Verges' denunciation came with beautiful appropriateness, as he had just come from the public-house opposite, where he had been indulging in sundry libations for this hour past at the expense of some of its customers.

"It is a dream, then—not a hideous reality? Thank God, thank God!"

"What's a dream?" said Verges, looking with some apprehension at John. When he saw that gentleman begin to caper round the room his fears were not lessened, for he thought that John had taken leave of some of his senses.

"Am I awake now, Verges?"

"Well, you look like it."

"You are certain?" and he put a shilling into Verges' hand.

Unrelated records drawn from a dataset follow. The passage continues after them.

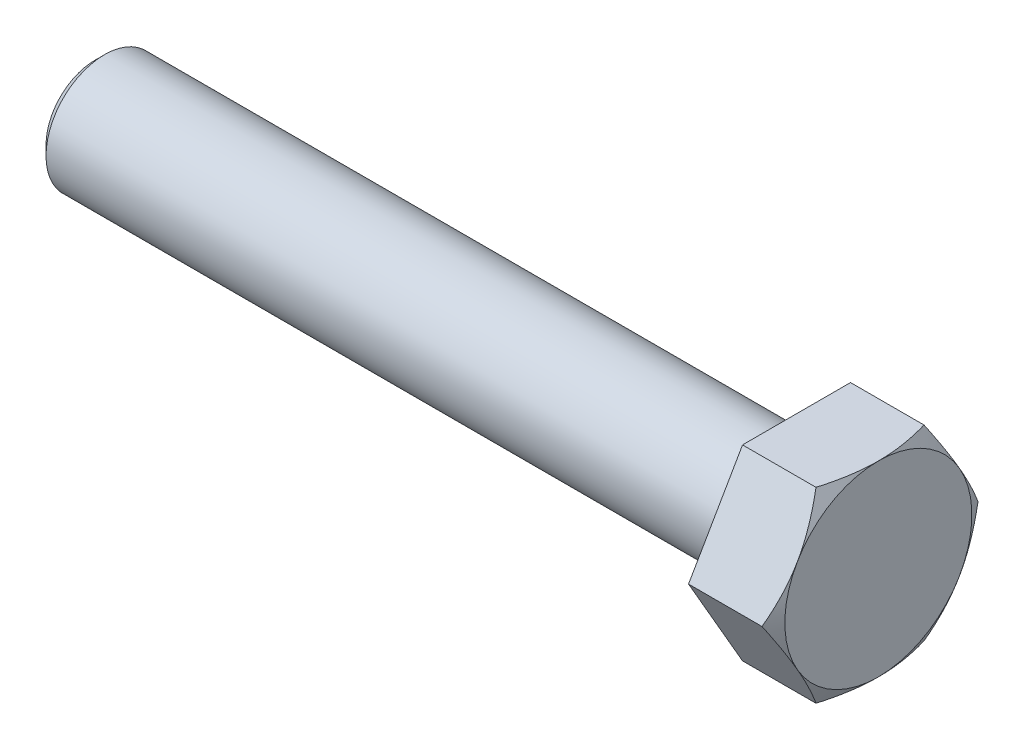
ISO-10303-21;
HEADER;
FILE_DESCRIPTION(('STEP AP214'),'2;1');
FILE_NAME('part.step','',(''),(''),'','','');
FILE_SCHEMA(('AUTOMOTIVE_DESIGN { 1 0 10303 214 1 1 1 1 }'));
ENDSEC;
DATA;
#1=APPLICATION_CONTEXT('core data for automotive mechanical design processes');
#2=APPLICATION_PROTOCOL_DEFINITION('international standard','automotive_design',2000,#1);
#3=PRODUCT_CONTEXT('',#1,'mechanical');
#4=PRODUCT('Part','Part','',(#3));
#5=PRODUCT_RELATED_PRODUCT_CATEGORY('part','',(#4));
#6=PRODUCT_DEFINITION_FORMATION('','',#4);
#7=PRODUCT_DEFINITION_CONTEXT('part definition',#1,'design');
#8=PRODUCT_DEFINITION('design','',#6,#7);
#9=PRODUCT_DEFINITION_SHAPE('','',#8);
#10=(LENGTH_UNIT() NAMED_UNIT(*) SI_UNIT(.MILLI.,.METRE.));
#11=(NAMED_UNIT(*) PLANE_ANGLE_UNIT() SI_UNIT($,.RADIAN.));
#12=(NAMED_UNIT(*) SI_UNIT($,.STERADIAN.) SOLID_ANGLE_UNIT());
#13=UNCERTAINTY_MEASURE_WITH_UNIT(LENGTH_MEASURE(1.E-05),#10,'distance_accuracy_value','');
#14=(GEOMETRIC_REPRESENTATION_CONTEXT(3) GLOBAL_UNCERTAINTY_ASSIGNED_CONTEXT((#13)) GLOBAL_UNIT_ASSIGNED_CONTEXT((#10,
#11,#12)) REPRESENTATION_CONTEXT('',''));
#15=CARTESIAN_POINT('',(0.,0.,0.));
#16=DIRECTION('',(0.,0.,1.));
#17=DIRECTION('',(1.,0.,0.));
#18=AXIS2_PLACEMENT_3D('',#15,#16,#17);
#19=CARTESIAN_POINT('',(0.,0.,0.));
#20=DIRECTION('',(1.,0.,0.));
#21=DIRECTION('',(0.,0.,-1.));
#22=AXIS2_PLACEMENT_3D('',#19,#20,#21);
#23=CYLINDRICAL_SURFACE('',#22,2.1);
#24=CARTESIAN_POINT('',(0.,0.,0.));
#25=DIRECTION('',(1.,0.,0.));
#26=DIRECTION('',(0.,0.,1.));
#27=AXIS2_PLACEMENT_3D('',#24,#25,#26);
#28=CIRCLE('',#27,2.1);
#29=CARTESIAN_POINT('',(0.,0.,2.1));
#30=VERTEX_POINT('',#29);
#31=EDGE_CURVE('P0_E11',#30,#30,#28,.T.);
#32=ORIENTED_EDGE('',*,*,#31,.T.);
#33=CARTESIAN_POINT('',(30.,0.,2.1));
#34=DIRECTION('',(-1.,0.,0.));
#35=VECTOR('',#34,1.);
#36=LINE('',#33,#35);
#37=CARTESIAN_POINT('',(30.,0.,2.1));
#38=VERTEX_POINT('',#37);
#39=EDGE_CURVE('P0_E24',#38,#30,#36,.T.);
#40=ORIENTED_EDGE('',*,*,#39,.F.);
#41=CARTESIAN_POINT('',(30.,0.,0.));
#42=DIRECTION('',(-1.,0.,0.));
#43=DIRECTION('',(0.,0.,1.));
#44=AXIS2_PLACEMENT_3D('',#41,#42,#43);
#45=CIRCLE('',#44,2.1);
#46=EDGE_CURVE('P0_E33',#38,#38,#45,.T.);
#47=ORIENTED_EDGE('',*,*,#46,.T.);
#48=ORIENTED_EDGE('',*,*,#39,.T.);
#49=EDGE_LOOP('',(#32,#40,#47,#48));
#50=FACE_BOUND('',#49,.T.);
#51=ADVANCED_FACE('P0_F16',(#50),#23,.T.);
#52=OPEN_SHELL('',(#51));
#53=SHELL_BASED_SURFACE_MODEL('P0_B1',(#52));
#54=CARTESIAN_POINT('',(33.5,0.,0.));
#55=DIRECTION('',(1.,0.,0.));
#56=DIRECTION('',(0.,1.,0.));
#57=AXIS2_PLACEMENT_3D('',#54,#55,#56);
#58=PLANE('',#57);
#59=CARTESIAN_POINT('',(33.5000000000036,0.,0.));
#60=DIRECTION('',(-1.,0.,0.));
#61=DIRECTION('',(0.,0.,1.));
#62=AXIS2_PLACEMENT_3D('',#59,#60,#61);
#63=CIRCLE('',#62,4.00000000004094);
#64=CARTESIAN_POINT('',(33.5000000000036,-4.00000000002047,-2.62654266027289E-10));
#65=VERTEX_POINT('',#64);
#66=CARTESIAN_POINT('',(33.5000000000036,-2.00000000023777,3.46410161502409));
#67=VERTEX_POINT('',#66);
#68=EDGE_CURVE('P1_E147',#65,#67,#63,.T.);
#69=ORIENTED_EDGE('',*,*,#68,.F.);
#70=CARTESIAN_POINT('',(33.5000000000036,0.,0.));
#71=DIRECTION('',(-1.,0.,0.));
#72=DIRECTION('',(0.,0.,1.));
#73=AXIS2_PLACEMENT_3D('',#70,#71,#72);
#74=CIRCLE('',#73,4.00000000004094);
#75=CARTESIAN_POINT('',(33.5000000000036,-1.99999999978298,-3.46410161528696));
#76=VERTEX_POINT('',#75);
#77=EDGE_CURVE('P1_E11',#76,#65,#74,.T.);
#78=ORIENTED_EDGE('',*,*,#77,.F.);
#79=CARTESIAN_POINT('',(33.5000000000036,0.,0.));
#80=DIRECTION('',(-1.,0.,0.));
#81=DIRECTION('',(0.,0.,1.));
#82=AXIS2_PLACEMENT_3D('',#79,#80,#81);
#83=CIRCLE('',#82,4.00000000004094);
#84=CARTESIAN_POINT('',(33.5000000000036,2.00000000023777,-3.46410161502409));
#85=VERTEX_POINT('',#84);
#86=EDGE_CURVE('P1_E30',#85,#76,#83,.T.);
#87=ORIENTED_EDGE('',*,*,#86,.F.);
#88=CARTESIAN_POINT('',(33.5000000000036,0.,0.));
#89=DIRECTION('',(-1.,0.,0.));
#90=DIRECTION('',(0.,0.,1.));
#91=AXIS2_PLACEMENT_3D('',#88,#89,#90);
#92=CIRCLE('',#91,4.00000000004094);
#93=CARTESIAN_POINT('',(33.5000000000036,4.00000000002047,2.62657129722398E-10));
#94=VERTEX_POINT('',#93);
#95=EDGE_CURVE('P1_E159',#94,#85,#92,.T.);
#96=ORIENTED_EDGE('',*,*,#95,.F.);
#97=CARTESIAN_POINT('',(33.5000000000036,0.,0.));
#98=DIRECTION('',(-1.,0.,0.));
#99=DIRECTION('',(0.,0.,1.));
#100=AXIS2_PLACEMENT_3D('',#97,#98,#99);
#101=CIRCLE('',#100,4.00000000004094);
#102=CARTESIAN_POINT('',(33.5000000000036,1.99999999978299,3.46410161528696));
#103=VERTEX_POINT('',#102);
#104=EDGE_CURVE('P1_E191',#103,#94,#101,.T.);
#105=ORIENTED_EDGE('',*,*,#104,.F.);
#106=CARTESIAN_POINT('',(33.5000000000036,0.,0.));
#107=DIRECTION('',(-1.,0.,0.));
#108=DIRECTION('',(0.,0.,1.));
#109=AXIS2_PLACEMENT_3D('',#106,#107,#108);
#110=CIRCLE('',#109,4.00000000004094);
#111=EDGE_CURVE('P1_E215',#67,#103,#110,.T.);
#112=ORIENTED_EDGE('',*,*,#111,.F.);
#113=EDGE_LOOP('',(#69,#78,#87,#96,#105,#112));
#114=FACE_BOUND('',#113,.T.);
#115=ADVANCED_FACE('P1_F17',(#114),#58,.T.);
#116=CARTESIAN_POINT('',(33.1405908165721,0.,0.));
#117=DIRECTION('',(-1.,0.,0.));
#118=DIRECTION('',(0.,0.,1.));
#119=AXIS2_PLACEMENT_3D('',#116,#117,#118);
#120=CONICAL_SURFACE('',#119,4.62251496641922,1.0471975511743);
#121=CARTESIAN_POINT('',(33.1427344100955,-4.,-2.30940107677662));
#122=CARTESIAN_POINT('',(33.4999999999844,-4.,-1.07179676988044));
#123=CARTESIAN_POINT('',(33.5000000000273,-4.,-2.77408171987373E-10));
#124=(BOUNDED_CURVE() B_SPLINE_CURVE(2,(#121,#122,#123),.UNSPECIFIED.,.F.,
.F.) B_SPLINE_CURVE_WITH_KNOTS((3,3),(0.740616445844047,1.19730459386999),
.UNSPECIFIED.) CURVE() GEOMETRIC_REPRESENTATION_ITEM() RATIONAL_B_SPLINE_CURVE((1.83253175468753,
1.97427857919487,1.97427857921322)) REPRESENTATION_ITEM(''));
#125=CARTESIAN_POINT('',(33.1427344101002,-4.,-2.30940107676041));
#126=VERTEX_POINT('',#125);
#127=EDGE_CURVE('P1_E164',#126,#65,#124,.T.);
#128=ORIENTED_EDGE('',*,*,#127,.F.);
#129=CARTESIAN_POINT('',(33.500000000027,-1.99999999976014,-3.46410161527679));
#130=CARTESIAN_POINT('',(33.5000000000699,-2.92820323015247,-2.92820323034707));
#131=CARTESIAN_POINT('',(33.142734410096,-4.00000000001361,-2.30940107675114));
#132=(BOUNDED_CURVE() B_SPLINE_CURVE(2,(#129,#130,#131),.UNSPECIFIED.,.F.,
.F.) B_SPLINE_CURVE_WITH_KNOTS((3,3),(1.19730459386998,1.65399274201361),
.UNSPECIFIED.) CURVE() GEOMETRIC_REPRESENTATION_ITEM() RATIONAL_B_SPLINE_CURVE((1.97427857921305,
1.97427857923139,1.83253175468769)) REPRESENTATION_ITEM(''));
#133=EDGE_CURVE('P1_E161',#76,#126,#132,.T.);
#134=ORIENTED_EDGE('',*,*,#133,.F.);
#135=ORIENTED_EDGE('',*,*,#77,.T.);
#136=EDGE_LOOP('',(#128,#134,#135));
#137=FACE_BOUND('',#136,.T.);
#138=ADVANCED_FACE('P1_F162',(#137),#120,.T.);
#139=CARTESIAN_POINT('',(33.1405908165721,0.,0.));
#140=DIRECTION('',(-1.,0.,0.));
#141=DIRECTION('',(0.,6.75016823618894E-11,-1.));
#142=AXIS2_PLACEMENT_3D('',#139,#140,#141);
#143=CONICAL_SURFACE('',#142,4.62251496641922,1.0471975511743);
#144=CARTESIAN_POINT('',(33.5000000000273,2.00000000024026,-3.46410161499898));
#145=CARTESIAN_POINT('',(33.5000000000702,1.0717967698477,-3.99999999992883));
#146=CARTESIAN_POINT('',(33.1427344100961,-1.38049372752228E-11,-4.61880215352497));
#147=(BOUNDED_CURVE() B_SPLINE_CURVE(2,(#144,#145,#146),.UNSPECIFIED.,.F.,
.F.) B_SPLINE_CURVE_WITH_KNOTS((3,3),(1.19730459387,1.65399274201378),
.UNSPECIFIED.) CURVE() GEOMETRIC_REPRESENTATION_ITEM() RATIONAL_B_SPLINE_CURVE((1.97427857921324,
1.97427857923158,1.83253175468777)) REPRESENTATION_ITEM(''));
#148=CARTESIAN_POINT('',(33.1427344101002,1.07499901628068E-12,-4.61880215351792));
#149=VERTEX_POINT('',#148);
#150=EDGE_CURVE('P1_E156',#85,#149,#147,.T.);
#151=ORIENTED_EDGE('',*,*,#150,.F.);
#152=ORIENTED_EDGE('',*,*,#86,.T.);
#153=CARTESIAN_POINT('',(33.1427344100954,1.49524002882188E-11,-4.61880215352624));
#154=CARTESIAN_POINT('',(33.4999999999841,-1.07179676958995,-4.00000000007825));
#155=CARTESIAN_POINT('',(33.500000000027,-1.99999999976014,-3.46410161527679));
#156=(BOUNDED_CURVE() B_SPLINE_CURVE(2,(#153,#154,#155),.UNSPECIFIED.,.F.,
.F.) B_SPLINE_CURVE_WITH_KNOTS((3,3),(0.740616445844138,1.19730459386998),
.UNSPECIFIED.) CURVE() GEOMETRIC_REPRESENTATION_ITEM() RATIONAL_B_SPLINE_CURVE((1.83253175468745,
1.97427857919471,1.97427857921305)) REPRESENTATION_ITEM(''));
#157=EDGE_CURVE('P1_E153',#149,#76,#156,.T.);
#158=ORIENTED_EDGE('',*,*,#157,.F.);
#159=EDGE_LOOP('',(#151,#152,#158));
#160=FACE_BOUND('',#159,.T.);
#161=ADVANCED_FACE('P1_F151',(#160),#143,.T.);
#162=CARTESIAN_POINT('',(33.1405908165721,0.,0.));
#163=DIRECTION('',(-1.,0.,0.));
#164=DIRECTION('',(0.,0.,1.));
#165=AXIS2_PLACEMENT_3D('',#162,#163,#164);
#166=CONICAL_SURFACE('',#165,4.62251496641922,1.0471975511743);
#167=CARTESIAN_POINT('',(33.5000000000273,4.,2.77405022862927E-10));
#168=CARTESIAN_POINT('',(33.5000000000702,4.,-1.07179676958222));
#169=CARTESIAN_POINT('',(33.1427344100961,4.,-2.30940107677439));
#170=(BOUNDED_CURVE() B_SPLINE_CURVE(2,(#167,#168,#169),.UNSPECIFIED.,.F.,
.F.) B_SPLINE_CURVE_WITH_KNOTS((3,3),(1.19730459386999,1.65399274201375),
.UNSPECIFIED.) CURVE() GEOMETRIC_REPRESENTATION_ITEM() RATIONAL_B_SPLINE_CURVE((1.97427857921322,
1.97427857923156,1.83253175468776)) REPRESENTATION_ITEM(''));
#171=CARTESIAN_POINT('',(33.1427344101003,4.00000000000112,-2.30940107675805));
#172=VERTEX_POINT('',#171);
#173=EDGE_CURVE('P1_E226',#94,#172,#170,.T.);
#174=ORIENTED_EDGE('',*,*,#173,.F.);
#175=ORIENTED_EDGE('',*,*,#95,.T.);
#176=CARTESIAN_POINT('',(33.1427344100957,4.00000000001505,-2.3094010767497));
#177=CARTESIAN_POINT('',(33.4999999999844,2.92820323041032,-2.9282032301976));
#178=CARTESIAN_POINT('',(33.5000000000273,2.00000000024026,-3.46410161499898));
#179=(BOUNDED_CURVE() B_SPLINE_CURVE(2,(#176,#177,#178),.UNSPECIFIED.,.F.,
.F.) B_SPLINE_CURVE_WITH_KNOTS((3,3),(0.740616445844176,1.19730459387),
.UNSPECIFIED.) CURVE() GEOMETRIC_REPRESENTATION_ITEM() RATIONAL_B_SPLINE_CURVE((1.83253175468762,
1.9742785791949,1.97427857921324)) REPRESENTATION_ITEM(''));
#180=EDGE_CURVE('P1_E203',#172,#85,#179,.T.);
#181=ORIENTED_EDGE('',*,*,#180,.F.);
#182=EDGE_LOOP('',(#174,#175,#181));
#183=FACE_BOUND('',#182,.T.);
#184=ADVANCED_FACE('P1_F531',(#183),#166,.T.);
#185=CARTESIAN_POINT('',(33.1405908165721,0.,0.));
#186=DIRECTION('',(-1.,0.,0.));
#187=DIRECTION('',(0.,0.,1.));
#188=AXIS2_PLACEMENT_3D('',#185,#186,#187);
#189=CONICAL_SURFACE('',#188,4.62251496641922,1.0471975511743);
#190=CARTESIAN_POINT('',(33.1427344100955,4.,2.30940107677662));
#191=CARTESIAN_POINT('',(33.4999999999844,4.,1.07179676988044));
#192=CARTESIAN_POINT('',(33.5000000000273,4.,2.77405022862927E-10));
#193=(BOUNDED_CURVE() B_SPLINE_CURVE(2,(#190,#191,#192),.UNSPECIFIED.,.F.,
.F.) B_SPLINE_CURVE_WITH_KNOTS((3,3),(0.740616445844047,1.19730459386999),
.UNSPECIFIED.) CURVE() GEOMETRIC_REPRESENTATION_ITEM() RATIONAL_B_SPLINE_CURVE((1.83253175468753,
1.97427857919487,1.97427857921322)) REPRESENTATION_ITEM(''));
#194=CARTESIAN_POINT('',(33.1427344101002,4.,2.30940107676041));
#195=VERTEX_POINT('',#194);
#196=EDGE_CURVE('P1_E232',#195,#94,#193,.T.);
#197=ORIENTED_EDGE('',*,*,#196,.F.);
#198=CARTESIAN_POINT('',(33.500000000027,1.99999999976013,3.46410161527679));
#199=CARTESIAN_POINT('',(33.5000000000699,2.92820323015247,2.92820323034707));
#200=CARTESIAN_POINT('',(33.142734410096,4.00000000001361,2.30940107675114));
#201=(BOUNDED_CURVE() B_SPLINE_CURVE(2,(#198,#199,#200),.UNSPECIFIED.,.F.,
.F.) B_SPLINE_CURVE_WITH_KNOTS((3,3),(1.19730459386998,1.65399274201361),
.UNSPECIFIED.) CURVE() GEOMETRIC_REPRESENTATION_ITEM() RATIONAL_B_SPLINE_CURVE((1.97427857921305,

"I never knew you to be more waker. You can keep on being as wide-awake as you please at the same price, Mister!"

"Give me my hat and coat, Verges. Thank you," and John passed rapidly out at the door with a hasty "Good night!" Verges looked after him with wide-mouthed astonishment; then he looked at the piece of money in his hand; then he tapped his forehead, and shook his head ominously, muttering, "Daubs is daft—clean daft!"

John would not trust his waking senses till he reached the corner of the street at which he had seen so vividly in his dream the incidents just recorded. A solitary policeman was walking up and down, and not so much as a vehicle was to be seen. And then another fear took possession of John. Was his dream a presentiment of danger, and had an accident befallen Willie in some other form?

He soon reached his lodgings, hurried up the staircase, and listened fearfully outside the widow's door. Nobody seemed astir, but he could see that a light was burning within. Should he knock? What right had he, a perfect stranger, to intrude at this unreasonable hour? He remembered, too, his bitter thoughts and words about the widow and her children—her "brats!" So he mounted reluctantly to his apartments. How the silence—previously so much desired—oppressed him! He would eagerly have welcomed at that moment a cry, a sob, or any sound of life from the room below. But the sufferer gave no token, and John, in turn, became the sufferer in the worst form of suffering—that of mental anguish.